Anytime soon. There's a shortage of Project Managers all over the world right now, even with the current economy... Additionally, Project Managers are right now a necessity and now longer a luxury. You cannot get anything done right now without a Project Manager.

jasonhiner
jasonhiner

They are still in demand and are still making very good money. It's just not the king of certifications any more, and it doesn't hold the iconic place in the industry that it did 5-10 years ago.

Todd.Peterson
Todd.Peterson

Look Nick Nielsen, you must be playing south of the border! Only a catcher would harp on grammer in this thread. Little board are you?

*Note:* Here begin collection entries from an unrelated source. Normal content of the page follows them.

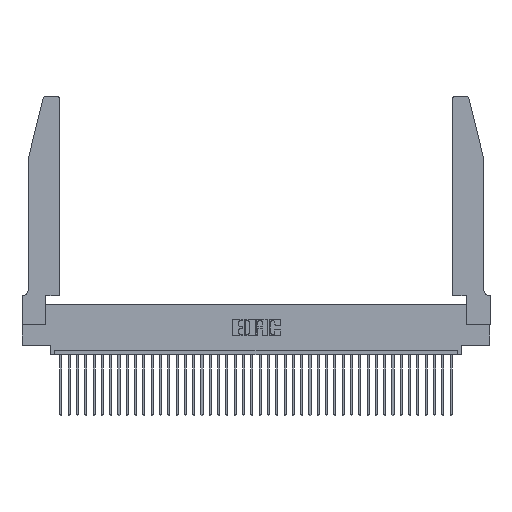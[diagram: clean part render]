
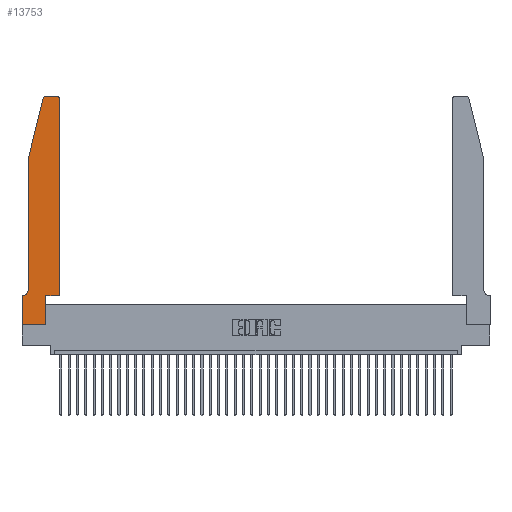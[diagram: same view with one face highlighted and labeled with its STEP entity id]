
A CAD part, top view. The second image highlights one B-rep face of the part: STEP entity #13753.
In plain terms, the highlighted planar face has unit normal (0, 0, 1).
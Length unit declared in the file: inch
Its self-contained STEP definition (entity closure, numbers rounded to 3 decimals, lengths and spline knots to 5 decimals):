
#135 = DIRECTION ( 'NONE',  ( 1., 0., 0. ) ) ;
#206 = LINE ( 'NONE', #19702, #5157 ) ;
#537 = AXIS2_PLACEMENT_3D ( 'NONE', #24099, #15397, #8888 ) ;
#822 = CARTESIAN_POINT ( 'NONE',  ( 0.4505, 0.35, 0.37 ) ) ;
#1150 = DIRECTION ( 'NONE',  ( -0.239, -0.971, 0. ) ) ;
#1637 = LINE ( 'NONE', #7517, #5531 ) ;
#2269 = ORIENTED_EDGE ( 'NONE', *, *, #34861, .T. ) ;
#2363 = LINE ( 'NONE', #14043, #2838 ) ;
#2466 = ORIENTED_EDGE ( 'NONE', *, *, #28777, .T. ) ;
#2560 = LINE ( 'NONE', #17191, #12730 ) ;
#2838 = VECTOR ( 'NONE', #20299, 39.37008 ) ;
#4174 = CARTESIAN_POINT ( 'NONE',  ( 0.2865, 0., 0.37 ) ) ;
#4197 = VECTOR ( 'NONE', #8633, 39.37008 ) ;
#4220 = CARTESIAN_POINT ( 'NONE',  ( 0.4505, 0.35, 0.37 ) ) ;
#4604 = CARTESIAN_POINT ( 'NONE',  ( 0.0755, 2., 0.37 ) ) ;
#5157 = VECTOR ( 'NONE', #13323, 39.37008 ) ;
#5531 = VECTOR ( 'NONE', #1150, 39.37008 ) ;
#6129 = EDGE_CURVE ( 'NONE', #26004, #29478, #2560, .T. ) ;
#6216 = CARTESIAN_POINT ( 'NONE',  ( 0.0055, 0.42, 0.37 ) ) ;
#7332 = AXIS2_PLACEMENT_3D ( 'NONE', #6216, #25612, #37333 ) ;
#7517 = CARTESIAN_POINT ( 'NONE',  ( 0.0755, 2., 0.37 ) ) ;
#7618 = VECTOR ( 'NONE', #39994, 39.37008 ) ;
#7660 = ORIENTED_EDGE ( 'NONE', *, *, #35864, .T. ) ;
#7803 = CARTESIAN_POINT ( 'NONE',  ( 0.2865, 0.35, 0.37 ) ) ;
#7839 = CARTESIAN_POINT ( 'NONE',  ( 0., 0., 0.37 ) ) ;
#8023 = PLANE ( 'NONE',  #14188 ) ;
#8161 = DIRECTION ( 'NONE',  ( 1., 0., 0. ) ) ;
#8267 = CIRCLE ( 'NONE', #7332, 0.07 ) ;
#8434 = EDGE_CURVE ( 'NONE', #39673, #19017, #2363, .T. ) ;
#8446 = VERTEX_POINT ( 'NONE', #11202 ) ;
#8633 = DIRECTION ( 'NONE',  ( -1., 0., 0. ) ) ;
#8888 = DIRECTION ( 'NONE',  ( 1., 0., 0. ) ) ;
#9912 = ORIENTED_EDGE ( 'NONE', *, *, #31824, .T. ) ;
#10317 = DIRECTION ( 'NONE',  ( 0., 1., 0. ) ) ;
#10516 = LINE ( 'NONE', #36454, #4197 ) ;
#11173 = LINE ( 'NONE', #28807, #11641 ) ;
#11202 = CARTESIAN_POINT ( 'NONE',  ( 0.0755, 0.42, 0.37 ) ) ;
#11641 = VECTOR ( 'NONE', #10317, 39.37008 ) ;
#11943 = VECTOR ( 'NONE', #16868, 39.37008 ) ;
#12054 = CARTESIAN_POINT ( 'NONE',  ( 0.4505, 2.72, 0.37 ) ) ;
#12248 = EDGE_CURVE ( 'NONE', #25680, #21115, #11173, .T. ) ;
#12428 = CARTESIAN_POINT ( 'NONE',  ( 0., 0., 0.37 ) ) ;
#12463 = VERTEX_POINT ( 'NONE', #35809 ) ;
#12730 = VECTOR ( 'NONE', #21358, 39.37008 ) ;
#13323 = DIRECTION ( 'NONE',  ( -1., 0., 0. ) ) ;
#13351 = EDGE_CURVE ( 'NONE', #38591, #39673, #10516, .T. ) ;
#13753 = ADVANCED_FACE ( 'NONE', ( #18316 ), #8023, .T. ) ;
#14043 = CARTESIAN_POINT ( 'NONE',  ( 0., 0., 0.37 ) ) ;
#14188 = AXIS2_PLACEMENT_3D ( 'NONE', #27024, #35999, #8161 ) ;
#14217 = EDGE_CURVE ( 'NONE', #19017, #25680, #22643, .T. ) ;
#14311 = CIRCLE ( 'NONE', #21905, 0.03 ) ;
#15331 = LINE ( 'NONE', #822, #11943 ) ;
#15397 = DIRECTION ( 'NONE',  ( 0., 0., 1. ) ) ;
#15648 = CARTESIAN_POINT ( 'NONE',  ( 0.284, 2.72, 0.37 ) ) ;
#15782 = ORIENTED_EDGE ( 'NONE', *, *, #12248, .T. ) ;
#15800 = CIRCLE ( 'NONE', #537, 0.03 ) ;
#16526 = LINE ( 'NONE', #4604, #39842 ) ;
#16868 = DIRECTION ( 'NONE',  ( 1., 0., 0. ) ) ;
#16996 = ORIENTED_EDGE ( 'NONE', *, *, #13351, .T. ) ;
#17191 = CARTESIAN_POINT ( 'NONE',  ( 0.4505, 0.35, 0.37 ) ) ;
#18316 = FACE_OUTER_BOUND ( 'NONE', #25835, .T. ) ;
#19017 = VERTEX_POINT ( 'NONE', #7839 ) ;
#19328 = ORIENTED_EDGE ( 'NONE', *, *, #34455, .T. ) ;
#19702 = CARTESIAN_POINT ( 'NONE',  ( 0.2605, 2.75, 0.37 ) ) ;
#20299 = DIRECTION ( 'NONE',  ( 0., -1., 0. ) ) ;
#20302 = VERTEX_POINT ( 'NONE', #33954 ) ;
#21065 = ORIENTED_EDGE ( 'NONE', *, *, #8434, .T. ) ;
#21115 = VERTEX_POINT ( 'NONE', #7803 ) ;
#21255 = ORIENTED_EDGE ( 'NONE', *, *, #14217, .T. ) ;
#21342 = EDGE_CURVE ( 'NONE', #8446, #38591, #8267, .T. ) ;
#21358 = DIRECTION ( 'NONE',  ( 0., 1., 0. ) ) ;
#21905 = AXIS2_PLACEMENT_3D ( 'NONE', #15648, #22386, #135 ) ;
#22386 = DIRECTION ( 'NONE',  ( 0., 0., 1. ) ) ;
#22612 = VERTEX_POINT ( 'NONE', #35965 ) ;
#22643 = LINE ( 'NONE', #12428, #7618 ) ;
#24099 = CARTESIAN_POINT ( 'NONE',  ( 0.4205, 2.72, 0.37 ) ) ;
#24363 = VERTEX_POINT ( 'NONE', #32412 ) ;
#24766 = ORIENTED_EDGE ( 'NONE', *, *, #21342, .T. ) ;
#25612 = DIRECTION ( 'NONE',  ( 0., 0., -1. ) ) ;
#25680 = VERTEX_POINT ( 'NONE', #4174 ) ;
#25835 = EDGE_LOOP ( 'NONE', ( #2466, #7660, #28524, #9912, #24766, #16996, #21065, #21255, #15782, #2269, #37760, #19328 ) ) ;
#26004 = VERTEX_POINT ( 'NONE', #4220 ) ;
#27024 = CARTESIAN_POINT ( 'NONE',  ( 0., 0.35, 0.37 ) ) ;
#28524 = ORIENTED_EDGE ( 'NONE', *, *, #29639, .T. ) ;
#28777 = EDGE_CURVE ( 'NONE', #20302, #24363, #206, .T. ) ;
#28807 = CARTESIAN_POINT ( 'NONE',  ( 0.2865, 0.35, 0.37 ) ) ;
#29478 = VERTEX_POINT ( 'NONE', #12054 ) ;
#29605 = DIRECTION ( 'NONE',  ( 0., -1., 0. ) ) ;
#29639 = EDGE_CURVE ( 'NONE', #12463, #22612, #1637, .T. ) ;
#31387 = CARTESIAN_POINT ( 'NONE',  ( 0., 0.35, 0.37 ) ) ;
#31824 = EDGE_CURVE ( 'NONE', #22612, #8446, #16526, .T. ) ;
#32412 = CARTESIAN_POINT ( 'NONE',  ( 0.284, 2.75, 0.37 ) ) ;
#33954 = CARTESIAN_POINT ( 'NONE',  ( 0.4205, 2.75, 0.37 ) ) ;
#34455 = EDGE_CURVE ( 'NONE', #29478, #20302, #15800, .T. ) ;
#34861 = EDGE_CURVE ( 'NONE', #21115, #26004, #15331, .T. ) ;
#35809 = CARTESIAN_POINT ( 'NONE',  ( 0.25487, 2.72718, 0.37 ) ) ;
#35864 = EDGE_CURVE ( 'NONE', #24363, #12463, #14311, .T. ) ;
#35965 = CARTESIAN_POINT ( 'NONE',  ( 0.0755, 2., 0.37 ) ) ;
#35999 = DIRECTION ( 'NONE',  ( 0., 0., 1. ) ) ;
#36454 = CARTESIAN_POINT ( 'NONE',  ( 0.0755, 0.35, 0.37 ) ) ;
#36653 = CARTESIAN_POINT ( 'NONE',  ( 0.0055, 0.35, 0.37 ) ) ;
#37333 = DIRECTION ( 'NONE',  ( -1., 0., 0. ) ) ;
#37760 = ORIENTED_EDGE ( 'NONE', *, *, #6129, .T. ) ;
#38591 = VERTEX_POINT ( 'NONE', #36653 ) ;
#39673 = VERTEX_POINT ( 'NONE', #31387 ) ;
#39842 = VECTOR ( 'NONE', #29605, 39.37008 ) ;
#39994 = DIRECTION ( 'NONE',  ( 1., 0., 0. ) ) ;

Love the pic you have used for your posts, it shows a long neck, does this help you with your on the road trips in the DEEP SOUTH? Ya I thought so, your grammer comments are not wanted on this tread, go back to your gas station, the one you hang out in with the holes in the walls!

NickNielsen
NickNielsen

Part of being professional is appearing professional in all you do, in this case communication. You get lazy on a forum, you'll start to get lazy elsewhere. Should his resume carry the same grammatical and spelling errors as his post, CCIE or no CCIE, employment will probably not be forthcoming. After all, if he doesn't care enough to use the correct words in his writing, how sloppy will his network setup be? And yes, it does carry over; I've seen in more often than not.

swm
swm

I didn't read the previous message as an attack. I guess it's all in perceived tonality. Needing to go back and do research to support any particular point rather than relying on the "reality" of the survey isn't a bad idea. Dunno, guess getting back into work is good. Mailing lists provide much needed breaks once and a while. Too busy otherwise. :)

NickNielsen
NickNielsen

The party's over. Go back to work. ;) Your point is excellent. There are problems with the survey methodology, but that is no reason to attack the competence or question the motives of the blog writer, as the previous poster did.

swm
swm

Really? Came from a survey of real people... Heard of anything called "statistical sampling"? I know that may be a hard term, but I'm pretty sure that even PMPs should be aware of the concept. You have a voluntary survey of people who may or may not show up, and may or may not tell the truth since nothing is verified. I could put in that I have a CCNA and earn $325,0000 a year. Kinda skews things, ya think? They may throw out "obvious" ones like that, but it doesn't take much to skew the statistics either way. I'll go with the other approach. And good CCIE was likely too busy working to bother filling out the survey. I know I was last year. So if someone wants to take a REAL survey and REALLY set the statistics up to be realistic and VERIFIED then perhaps I'll believe it. In the meantime, given many of the PMPs I happen to know... I'd say SOMEONE is way over-paying for something that shouldn't be that difficult is plan is well developed. (e.g. poor planning = more management) Just my two cents. Scott

NickNielsen
NickNielsen

[i]Just go out and talk to people in the field and get a REAL perspective of technology certs. [/i] The data came from a [u]survey[/u] of (guess who?) people in the field. There's a link to the survey in the article; the first few pages discuss the methodology.